Assigned task ::
Find and copy the lines in the records beneath this task that contain the word "linetype".

Data to use ::
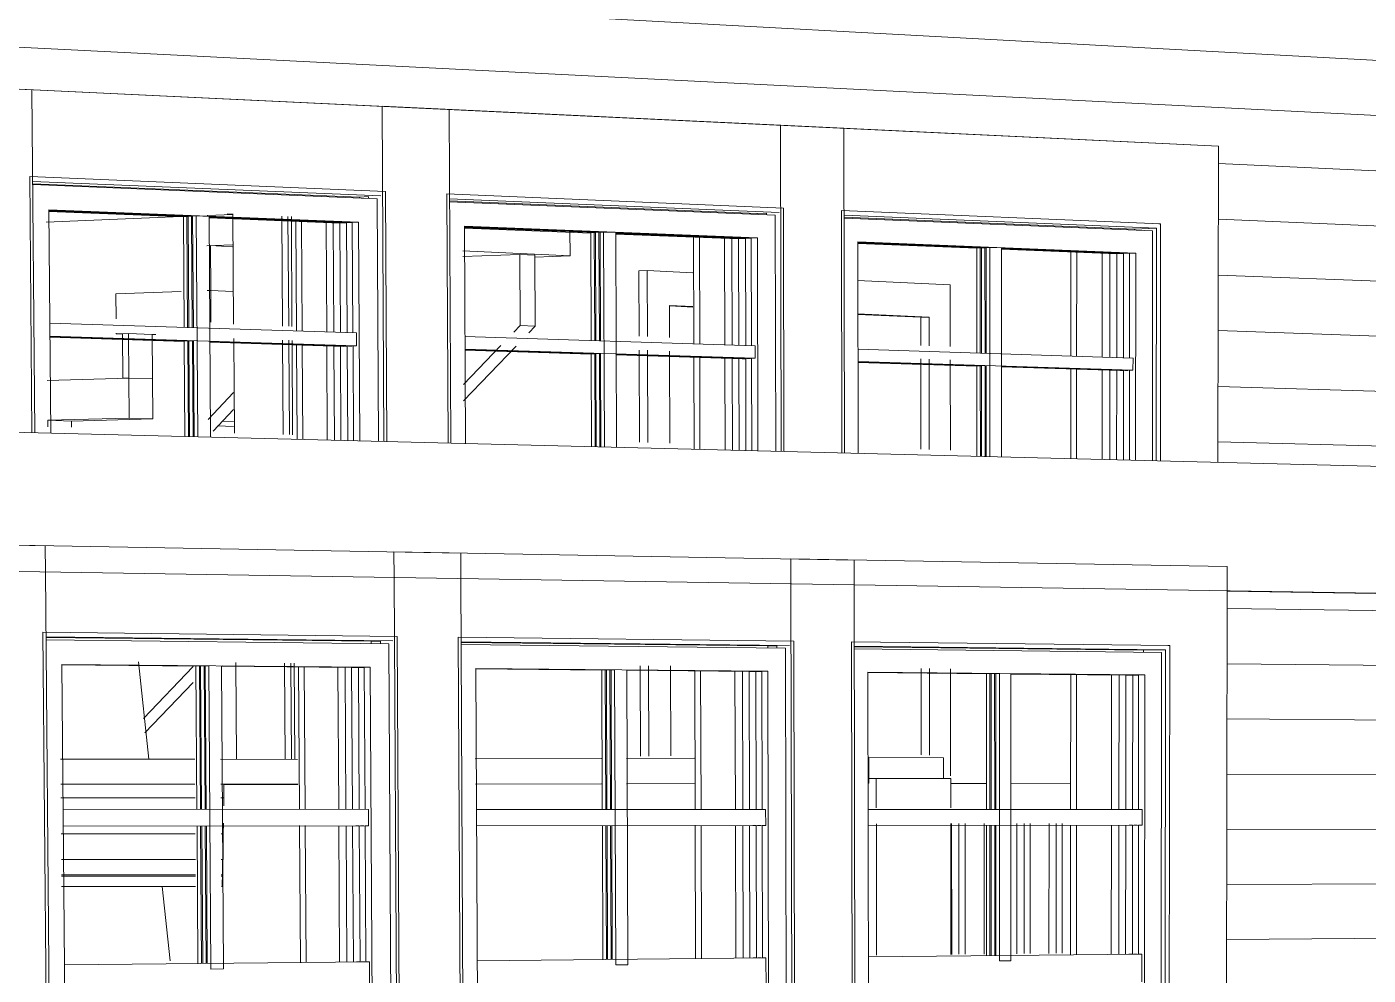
# Model space of a CAD drawing. Header units: inches. Extents: x 205 to 211, y -138 to -29.
# Drawn here: x 207.0292 to 207.1522, y -137.5652 to -137.4782 of the extents above; entities that cross this region are included whole.
import ezdxf

# ---------------------------------------------------------------- set-up
doc = ezdxf.new("R2010")
doc.units = ezdxf.units.IN
doc.header["$MEASUREMENT"] = 0
for name, color, linetype, lineweight in [('A-CLNG', 13, 'Continuous', 13), ('A-DOOR', 31, 'Continuous', 13), ('A-DOOR-FRAM', 31, 'Continuous', 9), ('A-FLOR-HRAL', 11, 'Continuous', 9), ('A-GLAZ', 151, 'Continuous', 13), ('A-WALL', 113, 'Continuous', 13), ('A-WALL-PATT', 111, 'Continuous', 13), ('I-WALL', 2, 'Continuous', 13), ('Q-CASE', 31, 'Continuous', 9), ('S-STRS', 31, 'Continuous', 9)]:
    doc.layers.add(name, color=color, linetype=linetype, lineweight=lineweight)

# ---------------------------------------------------------------- blocks, each defined once
blk = doc.blocks.new('FP_85-Looking SouthWest')
at = {"layer": 'A-WALL-PATT', "lineweight": 9}
for p, q in [((-72.21609, -137.47215), (-72.01773, -137.48291)), ((-72.21601, -137.47789), (-72.01776, -137.48785)), ((-72.06273, -137.49072), (-72.01779, -137.4928)), ((-72.06274, -137.49583), (-72.01782, -137.49773)), ((-72.06275, -137.50095), (-72.01785, -137.50267)), ((-72.06276, -137.50605), (-72.01787, -137.5076)), ((-72.06276, -137.51116), (-72.0179, -137.51252)), ((-72.06277, -137.51625), (-72.01793, -137.51744)), ((-72.06193, -137.53153), (-72.01802, -137.53217)), ((-72.06194, -137.5366), (-72.01805, -137.53707)), ((-72.06195, -137.54167), (-72.01807, -137.54197)), ((-72.06195, -137.54674), (-72.0181, -137.54686)), ((-72.06196, -137.5518), (-72.01813, -137.55175)), ((-72.06197, -137.55686), (-72.01816, -137.55663)), ((-72.06198, -137.56191), (-72.01819, -137.56151))]:
    blk.add_line(p, q, dxfattribs=at)

msp = doc.modelspace()

# ---------------------------------------------------------------- linework, layer by layer
at = {"layer": 'A-CLNG'}
for p, q in [((207.03094, -137.49609), (207.04332, -137.49559)), ((207.04569, -137.4955), (207.04805, -137.4954)), ((207.04754, -137.49533), (207.04802, -137.49536)), ((207.07897, -137.49693), (207.08015, -137.49699))]:
    msp.add_line(p, q, dxfattribs=at)
at = {"layer": 'A-DOOR', "lineweight": 9}
for p, q in [((207.09024, -137.50389), (207.0881, -137.50379)), ((207.11115, -137.50482), (207.10534, -137.50456)), ((207.11116, -137.50741), (207.11115, -137.50482)), ((207.11116, -137.51693), (207.11116, -137.50863)), ((207.11119, -137.54497), (207.11118, -137.53703))]:
    msp.add_line(p, q, dxfattribs=at)
at = {"layer": 'A-DOOR-FRAM'}
for p, q in [((207.08529, -137.50057), (207.08605, -137.50054)), ((207.08529, -137.50057), (207.08531, -137.50657)), ((207.08531, -137.50657), (207.08529, -137.50057)), ((207.08605, -137.50054), (207.08607, -137.5066)), ((207.09023, -137.50074), (207.08605, -137.50054)), ((207.11385, -137.50186), (207.10533, -137.50146)), ((207.11385, -137.5075), (207.11385, -137.50186)), ((207.08811, -137.50667), (207.0881, -137.50373)), ((207.0881, -137.50373), (207.09024, -137.50383)), ((207.09024, -137.50389), (207.0881, -137.50379)), ((207.10534, -137.5045), (207.11191, -137.5048)), ((207.11115, -137.50482), (207.10534, -137.50456)), ((207.11191, -137.5048), (207.11115, -137.50482)), ((207.11116, -137.50741), (207.11115, -137.50482)), ((207.11191, -137.5048), (207.11192, -137.50743)), ((207.08531, -137.50783), (207.08534, -137.51629)), ((207.08534, -137.51629), (207.08531, -137.50783)), ((207.08608, -137.50785), (207.08611, -137.51631)), ((207.08814, -137.51636), (207.08811, -137.50792)), ((207.11116, -137.51693), (207.11116, -137.50863)), ((207.11192, -137.50866), (207.11192, -137.51695)), ((207.11386, -137.517), (207.11385, -137.50872)), ((207.08541, -137.53678), (207.08544, -137.54507)), ((207.08544, -137.54507), (207.08541, -137.53678)), ((207.08617, -137.53679), (207.0862, -137.54507)), ((207.08823, -137.54506), (207.0882, -137.53681)), ((207.11119, -137.54497), (207.11118, -137.53703)), ((207.11194, -137.53704), (207.11195, -137.54498)), ((207.11388, -137.54689), (207.11387, -137.53706))]:
    msp.add_line(p, q, dxfattribs=at)
at = {"layer": 'A-FLOR-HRAL'}
for p, q in [((207.11715, -137.5476), (207.1139, -137.54759)), ((207.12489, -137.54762), (207.1194, -137.5476)), ((207.11398, -137.56326), (207.11397, -137.55126)), ((207.11464, -137.56325), (207.11463, -137.55126)), ((207.1152, -137.55126), (207.1152, -137.56325)), ((207.11697, -137.56323), (207.11697, -137.55126)), ((207.11995, -137.5632), (207.11994, -137.55126)), ((207.12061, -137.56319), (207.12061, -137.55126)), ((207.12117, -137.55126), (207.12116, -137.56319)), ((207.1229, -137.56317), (207.12291, -137.55125)), ((207.12357, -137.56316), (207.12357, -137.55125)), ((207.12412, -137.55125), (207.12412, -137.56316))]:
    msp.add_line(p, q, dxfattribs=at)
at = {"layer": 'A-GLAZ', "lineweight": 9}
for p, q in [((207.02963, -137.48395), (206.98521, -137.48184)), ((207.06789, -137.48576), (207.02314, -137.48364)), ((207.0299, -137.5154), (207.02963, -137.48395)), ((207.1041, -137.48748), (207.06174, -137.48547)), ((207.06174, -137.48547), (207.06191, -137.5162)), ((207.06804, -137.51635), (207.06789, -137.48576)), ((207.13844, -137.48912), (207.09828, -137.48721)), ((207.09828, -137.48721), (207.09835, -137.51711)), ((207.10415, -137.51726), (207.1041, -137.48748)), ((207.13839, -137.51811), (207.13844, -137.48912)), ((207.02963, -137.51539), (207.02943, -137.49192)), ((207.02943, -137.49192), (207.06204, -137.49328)), ((207.05966, -137.49381), (207.0297, -137.49257)), ((207.02971, -137.49238), (207.06164, -137.4937)), ((207.06128, -137.49397), (207.02971, -137.49266)), ((207.05966, -137.49381), (207.0605, -137.49376)), ((207.05966, -137.49389), (207.05966, -137.49381)), ((207.0605, -137.49378), (207.0605, -137.49393)), ((207.06204, -137.49328), (207.06217, -137.51621)), ((207.06779, -137.51635), (207.06767, -137.49351)), ((207.06767, -137.49351), (207.09854, -137.49481)), ((207.03117, -137.49507), (207.04395, -137.49558)), ((207.03135, -137.51544), (207.03118, -137.49497)), ((207.03118, -137.49497), (207.05957, -137.4961)), ((207.04437, -137.49555), (207.03118, -137.49502)), ((207.04437, -137.49555), (207.03118, -137.49502)), ((207.03118, -137.49502), (207.04437, -137.49555)), ((207.04352, -137.49562), (207.03118, -137.49513)), ((207.0614, -137.51619), (207.06128, -137.49397)), ((207.06793, -137.49396), (207.09815, -137.49522)), ((207.09615, -137.49532), (207.06793, -137.49415)), ((207.09779, -137.49547), (207.06793, -137.49424)), ((207.09854, -137.49481), (207.09859, -137.51712)), ((207.10391, -137.51725), (207.10387, -137.49503)), ((207.10387, -137.49503), (207.13314, -137.49625)), ((207.05901, -137.49613), (207.04588, -137.49561)), ((207.05901, -137.49613), (207.04588, -137.49561)), ((207.04588, -137.49561), (207.05901, -137.49613)), ((207.04588, -137.49566), (207.05848, -137.49615)), ((207.05786, -137.49619), (207.04588, -137.49571)), ((207.05388, -137.50606), (207.05382, -137.496)), ((207.05441, -137.50608), (207.05435, -137.49603)), ((207.05435, -137.49603), (207.05441, -137.50608)), ((207.05666, -137.50616), (207.0566, -137.49614)), ((207.05732, -137.50619), (207.05726, -137.49616)), ((207.05786, -137.49619), (207.05901, -137.49613)), ((207.05792, -137.50621), (207.05786, -137.49619)), ((207.05901, -137.49613), (207.05848, -137.49615)), ((207.05848, -137.49615), (207.05853, -137.50623)), ((207.05901, -137.49613), (207.05957, -137.4961)), ((207.05907, -137.50625), (207.05901, -137.49613)), ((207.05907, -137.50625), (207.05901, -137.49613)), ((207.05901, -137.49613), (207.05907, -137.50625)), ((207.05957, -137.4961), (207.05969, -137.51614)), ((207.09615, -137.49532), (207.097, -137.49527)), ((207.09615, -137.4954), (207.09615, -137.49532)), ((207.097, -137.49527), (207.097, -137.49544)), ((207.09784, -137.5171), (207.09779, -137.49547)), ((207.10412, -137.49546), (207.13276, -137.49665)), ((207.13075, -137.49675), (207.10412, -137.49565)), ((207.1324, -137.4969), (207.10412, -137.49573)), ((207.13298, -137.49626), (207.13314, -137.49625)), ((207.13314, -137.49625), (207.13312, -137.51798)), ((207.06928, -137.49658), (207.08131, -137.49706)), ((207.06939, -137.51639), (207.06929, -137.49648)), ((207.06929, -137.49648), (207.09617, -137.49755)), ((207.08174, -137.49703), (207.06929, -137.49653)), ((207.08174, -137.49703), (207.06929, -137.49653)), ((207.06929, -137.49653), (207.08174, -137.49703)), ((207.08088, -137.4971), (207.06929, -137.49664)), ((207.0956, -137.49758), (207.08318, -137.49708)), ((207.0956, -137.49758), (207.08318, -137.49708)), ((207.08318, -137.49708), (207.0956, -137.49758)), ((207.08318, -137.49713), (207.09506, -137.4976)), ((207.09444, -137.49763), (207.08318, -137.49719)), ((207.09033, -137.50723), (207.0903, -137.49745)), ((207.09087, -137.50725), (207.09084, -137.49747)), ((207.09084, -137.49747), (207.09087, -137.50725)), ((207.09317, -137.50734), (207.09314, -137.49759)), ((207.09385, -137.50737), (207.09382, -137.49761)), ((207.09444, -137.49763), (207.0956, -137.49758)), ((207.0956, -137.49758), (207.09506, -137.4976)), ((207.09506, -137.4976), (207.09509, -137.50741)), ((207.0956, -137.49758), (207.09617, -137.49755)), ((207.09563, -137.50743), (207.0956, -137.49758)), ((207.09563, -137.50743), (207.0956, -137.49758)), ((207.0956, -137.49758), (207.09563, -137.50743)), ((207.09617, -137.49755), (207.09621, -137.51706)), ((207.13075, -137.49675), (207.13276, -137.49665)), ((207.13075, -137.49683), (207.13075, -137.49675)), ((207.13238, -137.51796), (207.1324, -137.4969)), ((207.13276, -137.49665), (207.13274, -137.51797)), ((207.09446, -137.50739), (207.09444, -137.49763)), ((207.1054, -137.51729), (207.10537, -137.49791)), ((207.10537, -137.49791), (207.13085, -137.49893)), ((207.11714, -137.49843), (207.10537, -137.49796)), ((207.11714, -137.49843), (207.10537, -137.49796)), ((207.10537, -137.49796), (207.11714, -137.49843)), ((207.10537, -137.49801), (207.11671, -137.49846)), ((207.11627, -137.4985), (207.10537, -137.49807)), ((207.13029, -137.49895), (207.11853, -137.49849)), ((207.13029, -137.49895), (207.11853, -137.49849)), ((207.11853, -137.49849), (207.13029, -137.49895)), ((207.11853, -137.49853), (207.12974, -137.49898)), ((207.12912, -137.499), (207.11853, -137.49859)), ((207.1249, -137.50835), (207.1249, -137.49882)), ((207.12543, -137.50837), (207.12544, -137.49884)), ((207.12544, -137.49884), (207.12543, -137.50837)), ((207.12779, -137.50846), (207.12779, -137.49896)), ((207.12848, -137.50848), (207.12848, -137.49898)), ((207.12911, -137.50851), (207.12912, -137.499)), ((207.12912, -137.499), (207.13029, -137.49895)), ((207.13029, -137.49895), (207.12974, -137.49898)), ((207.12974, -137.49898), (207.12974, -137.50853)), ((207.13028, -137.50855), (207.13029, -137.49895)), ((207.13028, -137.50855), (207.13029, -137.49895)), ((207.13029, -137.49895), (207.13028, -137.50855)), ((207.13029, -137.49895), (207.13085, -137.49893)), ((207.13085, -137.49893), (207.13084, -137.51792)), ((207.05395, -137.51597), (207.05389, -137.50734)), ((207.05448, -137.51599), (207.05442, -137.50736)), ((207.05442, -137.50736), (207.05448, -137.51599)), ((207.05672, -137.51606), (207.05666, -137.50744)), ((207.05738, -137.51608), (207.05733, -137.50746)), ((207.05797, -137.51609), (207.05792, -137.50746)), ((207.05854, -137.50745), (207.05859, -137.51611)), ((207.05913, -137.51613), (207.05908, -137.50744)), ((207.05913, -137.51613), (207.05908, -137.50744)), ((207.05908, -137.50744), (207.05913, -137.51613)), ((207.09036, -137.51688), (207.09034, -137.50848)), ((207.09089, -137.5169), (207.09087, -137.5085)), ((207.09087, -137.5085), (207.09089, -137.5169)), ((207.09319, -137.51697), (207.09317, -137.50858)), ((207.09387, -137.51699), (207.09385, -137.50861)), ((207.09449, -137.51701), (207.09447, -137.50861)), ((207.09509, -137.5086), (207.09511, -137.51703)), ((207.09565, -137.51704), (207.09563, -137.50858)), ((207.09565, -137.51704), (207.09563, -137.50858)), ((207.09563, -137.50858), (207.09565, -137.51704)), ((207.12489, -137.51775), (207.1249, -137.50956)), ((207.12543, -137.51776), (207.12543, -137.50958)), ((207.12543, -137.50958), (207.12543, -137.51776)), ((207.12778, -137.51783), (207.12778, -137.50967)), ((207.12847, -137.51785), (207.12848, -137.50969)), ((207.1291, -137.51787), (207.12911, -137.50969)), ((207.12974, -137.50968), (207.12973, -137.51789)), ((207.13027, -137.51791), (207.13028, -137.50967)), ((207.13027, -137.51791), (207.13028, -137.50967)), ((207.13028, -137.50967), (207.13027, -137.51791)), ((207.03084, -137.52578), (206.98369, -137.52495)), ((207.06895, -137.52645), (207.02437, -137.52567)), ((207.03084, -137.52578), (207.03086, -137.52819)), ((207.06284, -137.5287), (207.06283, -137.52634)), ((207.10503, -137.52709), (207.06283, -137.52634)), ((207.06895, -137.52645), (207.06896, -137.5288)), ((207.09924, -137.52928), (207.09923, -137.52698)), ((207.13925, -137.52769), (207.09923, -137.52698)), ((207.10503, -137.52709), (207.10504, -137.52937)), ((207.03086, -137.52819), (207.03171, -137.62824)), ((207.13925, -137.52769), (207.13924, -137.52991)), ((207.06337, -137.62648), (207.06284, -137.5287)), ((207.06896, -137.5288), (207.06944, -137.62614)), ((207.09943, -137.62446), (207.09924, -137.52928)), ((207.10504, -137.52937), (207.10518, -137.62414)), ((207.13924, -137.52991), (207.13909, -137.62225)), ((207.03144, -137.62826), (207.03064, -137.5337)), ((207.03064, -137.5337), (207.06313, -137.53409)), ((207.03091, -137.53414), (207.06273, -137.53451)), ((207.06075, -137.53454), (207.03091, -137.5342)), ((207.06236, -137.53477), (207.03092, -137.53441)), ((207.06075, -137.53454), (207.06159, -137.53453)), ((207.06159, -137.53449), (207.06159, -137.53475)), ((207.06313, -137.53409), (207.06363, -137.62646)), ((207.06918, -137.62615), (207.06873, -137.53416)), ((207.06873, -137.53416), (207.09949, -137.53452)), ((207.09949, -137.53452), (207.09967, -137.62445)), ((207.06075, -137.53474), (207.06075, -137.53454)), ((207.06287, -137.6265), (207.06236, -137.53477)), ((207.06899, -137.53458), (207.0991, -137.53493)), ((207.09711, -137.53496), (207.06899, -137.53464)), ((207.09874, -137.53518), (207.06899, -137.53484)), ((207.09711, -137.53496), (207.09795, -137.53495)), ((207.09711, -137.53516), (207.09711, -137.53496)), ((207.09795, -137.53492), (207.09795, -137.53517)), ((207.09893, -137.62449), (207.09874, -137.53518)), ((207.10494, -137.62416), (207.1048, -137.53459)), ((207.1048, -137.53459), (207.13397, -137.53493)), ((207.10504, -137.535), (207.13359, -137.53533)), ((207.13158, -137.53536), (207.10504, -137.53505)), ((207.13323, -137.53557), (207.10504, -137.53525)), ((207.13158, -137.53536), (207.13359, -137.53533)), ((207.13158, -137.53555), (207.13158, -137.53536)), ((207.13313, -137.62258), (207.13323, -137.53557)), ((207.13359, -137.53533), (207.13348, -137.62254)), ((207.13397, -137.53493), (207.1338, -137.53494)), ((207.13397, -137.53493), (207.13386, -137.62254)), ((207.03314, -137.62816), (207.03238, -137.53666)), ((207.03238, -137.53666), (207.06066, -137.53693)), ((207.04552, -137.5368), (207.03238, -137.53667)), ((207.04552, -137.5368), (207.03238, -137.53667)), ((207.03238, -137.53667), (207.04552, -137.5368)), ((207.03238, -137.53668), (207.04499, -137.5368)), ((207.04467, -137.53682), (207.03238, -137.5367)), ((207.04499, -137.5368), (207.04509, -137.53681)), ((207.04706, -137.53683), (207.05957, -137.53695)), ((207.05895, -137.53696), (207.04706, -137.53684)), ((207.06011, -137.53694), (207.04707, -137.53681)), ((207.06011, -137.53694), (207.04707, -137.53681)), ((207.04707, -137.53681), (207.06011, -137.53694)), ((207.05416, -137.54993), (207.05408, -137.53689)), ((207.05469, -137.54994), (207.0546, -137.53689)), ((207.0546, -137.53689), (207.05469, -137.54994)), ((207.05777, -137.54995), (207.05769, -137.53698)), ((207.05843, -137.54995), (207.05835, -137.53697)), ((207.05895, -137.53696), (207.06011, -137.53694)), ((207.05903, -137.54995), (207.05895, -137.53696)), ((207.06011, -137.53694), (207.05957, -137.53695)), ((207.05957, -137.53695), (207.05964, -137.54996)), ((207.06066, -137.53693), (207.06011, -137.53694)), ((207.06018, -137.54996), (207.06011, -137.53694)), ((207.06018, -137.54996), (207.06011, -137.53694)), ((207.06011, -137.53694), (207.06018, -137.54996)), ((207.06066, -137.53693), (207.06117, -137.6266)), ((207.07077, -137.62606), (207.07034, -137.53703)), ((207.07034, -137.53703), (207.09712, -137.53729)), ((207.08275, -137.53716), (207.07034, -137.53704)), ((207.08275, -137.53716), (207.07034, -137.53704)), ((207.07034, -137.53704), (207.08275, -137.53716)), ((207.07034, -137.53705), (207.08221, -137.53717)), ((207.08189, -137.53718), (207.07034, -137.53707)), ((207.08221, -137.53717), (207.08232, -137.53717)), ((207.09656, -137.5373), (207.08419, -137.53718)), ((207.09656, -137.5373), (207.08419, -137.53718)), ((207.08419, -137.53718), (207.09656, -137.5373)), ((207.08419, -137.53719), (207.09602, -137.5373)), ((207.0954, -137.53731), (207.08419, -137.5372)), ((207.09045, -137.54995), (207.09042, -137.53724)), ((207.09099, -137.54995), (207.09095, -137.53725)), ((207.09095, -137.53725), (207.09099, -137.54995)), ((207.09414, -137.54996), (207.0941, -137.53734)), ((207.09481, -137.54996), (207.09478, -137.53732)), ((207.0954, -137.53731), (207.09656, -137.5373)), ((207.09543, -137.54997), (207.0954, -137.53731)), ((207.09602, -137.5373), (207.09605, -137.54997)), ((207.09656, -137.5373), (207.09602, -137.5373)), ((207.09712, -137.53729), (207.09656, -137.5373)), ((207.09659, -137.54997), (207.09656, -137.5373)), ((207.09659, -137.54997), (207.09656, -137.5373)), ((207.09656, -137.5373), (207.09659, -137.54997)), ((207.09712, -137.53729), (207.09732, -137.62458)), ((207.10629, -137.53741), (207.11748, -137.53751)), ((207.11716, -137.53752), (207.10629, -137.53742)), ((207.10642, -137.62407), (207.1063, -137.53738)), ((207.1063, -137.53738), (207.13169, -137.53763)), ((207.11802, -137.53751), (207.1063, -137.53739)), ((207.11802, -137.53751), (207.1063, -137.53739)), ((207.1063, -137.53739), (207.11802, -137.53751)), ((207.11748, -137.53751), (207.11759, -137.53752)), ((207.13112, -137.53764), (207.1194, -137.53752)), ((207.13112, -137.53764), (207.1194, -137.53752)), ((207.1194, -137.53752), (207.13112, -137.53764)), ((207.1194, -137.53753), (207.13058, -137.53764)), ((207.12995, -137.53765), (207.1194, -137.53755)), ((207.12488, -137.54996), (207.12489, -137.53758)), ((207.12542, -137.54996), (207.12542, -137.53759)), ((207.12542, -137.53759), (207.12542, -137.54996)), ((207.12862, -137.54997), (207.12863, -137.53767)), ((207.12931, -137.54997), (207.12932, -137.53766)), ((207.12994, -137.54998), (207.12995, -137.53765)), ((207.12995, -137.53765), (207.13112, -137.53764)), ((207.13058, -137.53764), (207.13057, -137.54998)), ((207.13112, -137.53764), (207.13058, -137.53764)), ((207.13111, -137.54998), (207.13112, -137.53764)), ((207.13111, -137.54998), (207.13112, -137.53764)), ((207.13112, -137.53764), (207.13111, -137.54998)), ((207.13169, -137.53763), (207.13112, -137.53764)), ((207.13169, -137.53763), (207.1316, -137.62267)), ((207.05425, -137.56398), (207.05417, -137.55145)), ((207.05477, -137.56398), (207.0547, -137.55145)), ((207.0547, -137.55145), (207.05477, -137.56398)), ((207.05785, -137.56396), (207.05778, -137.55146)), ((207.05851, -137.56395), (207.05844, -137.55147)), ((207.05911, -137.56395), (207.05904, -137.55147)), ((207.05965, -137.55147), (207.05972, -137.56395)), ((207.06026, -137.56396), (207.06019, -137.55147)), ((207.06026, -137.56396), (207.06019, -137.55147)), ((207.06019, -137.55147), (207.06026, -137.56396)), ((207.09049, -137.56362), (207.09046, -137.55142)), ((207.09102, -137.56362), (207.09099, -137.55143)), ((207.09099, -137.55143), (207.09102, -137.56362)), ((207.09417, -137.5636), (207.09414, -137.55143)), ((207.09485, -137.56359), (207.09482, -137.55144)), ((207.09546, -137.56359), (207.09543, -137.55144)), ((207.09605, -137.55144), (207.09608, -137.56359)), ((207.09662, -137.5636), (207.09659, -137.55144)), ((207.09662, -137.5636), (207.09659, -137.55144)), ((207.09659, -137.55144), (207.09662, -137.5636)), ((207.12488, -137.56328), (207.12488, -137.5514)), ((207.12541, -137.56328), (207.12542, -137.5514)), ((207.12542, -137.5514), (207.12541, -137.56328)), ((207.12861, -137.56325), (207.12862, -137.55141)), ((207.1293, -137.56325), (207.12931, -137.55141)), ((207.12993, -137.56324), (207.12994, -137.55141)), ((207.13057, -137.55141), (207.13056, -137.56325)), ((207.1311, -137.56325), (207.13111, -137.55141)), ((207.1311, -137.56325), (207.13111, -137.55141)), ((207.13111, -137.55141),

Reply to the exercise ::
for name, color, linetype, lineweight in [('A-CLNG', 13, 'Continuous', 13), ('A-DOOR', 31, 'Continuous', 13), ('A-DOOR-FRAM', 31, 'Continuous', 9), ('A-FLOR-HRAL', 11, 'Continuous', 9), ('A-GLAZ', 151, 'Continuous', 13), ('A-WALL', 113, 'Continuous', 13), ('A-WALL-PATT', 111, 'Continuous', 13), ('I-WALL', 2, 'Continuous', 13), ('Q-CASE', 31, 'Continuous', 9), ('S-STRS', 31, 'Continuous', 9)]:
    doc.layers.add(name, color=color, linetype=linetype, lineweight=lineweight)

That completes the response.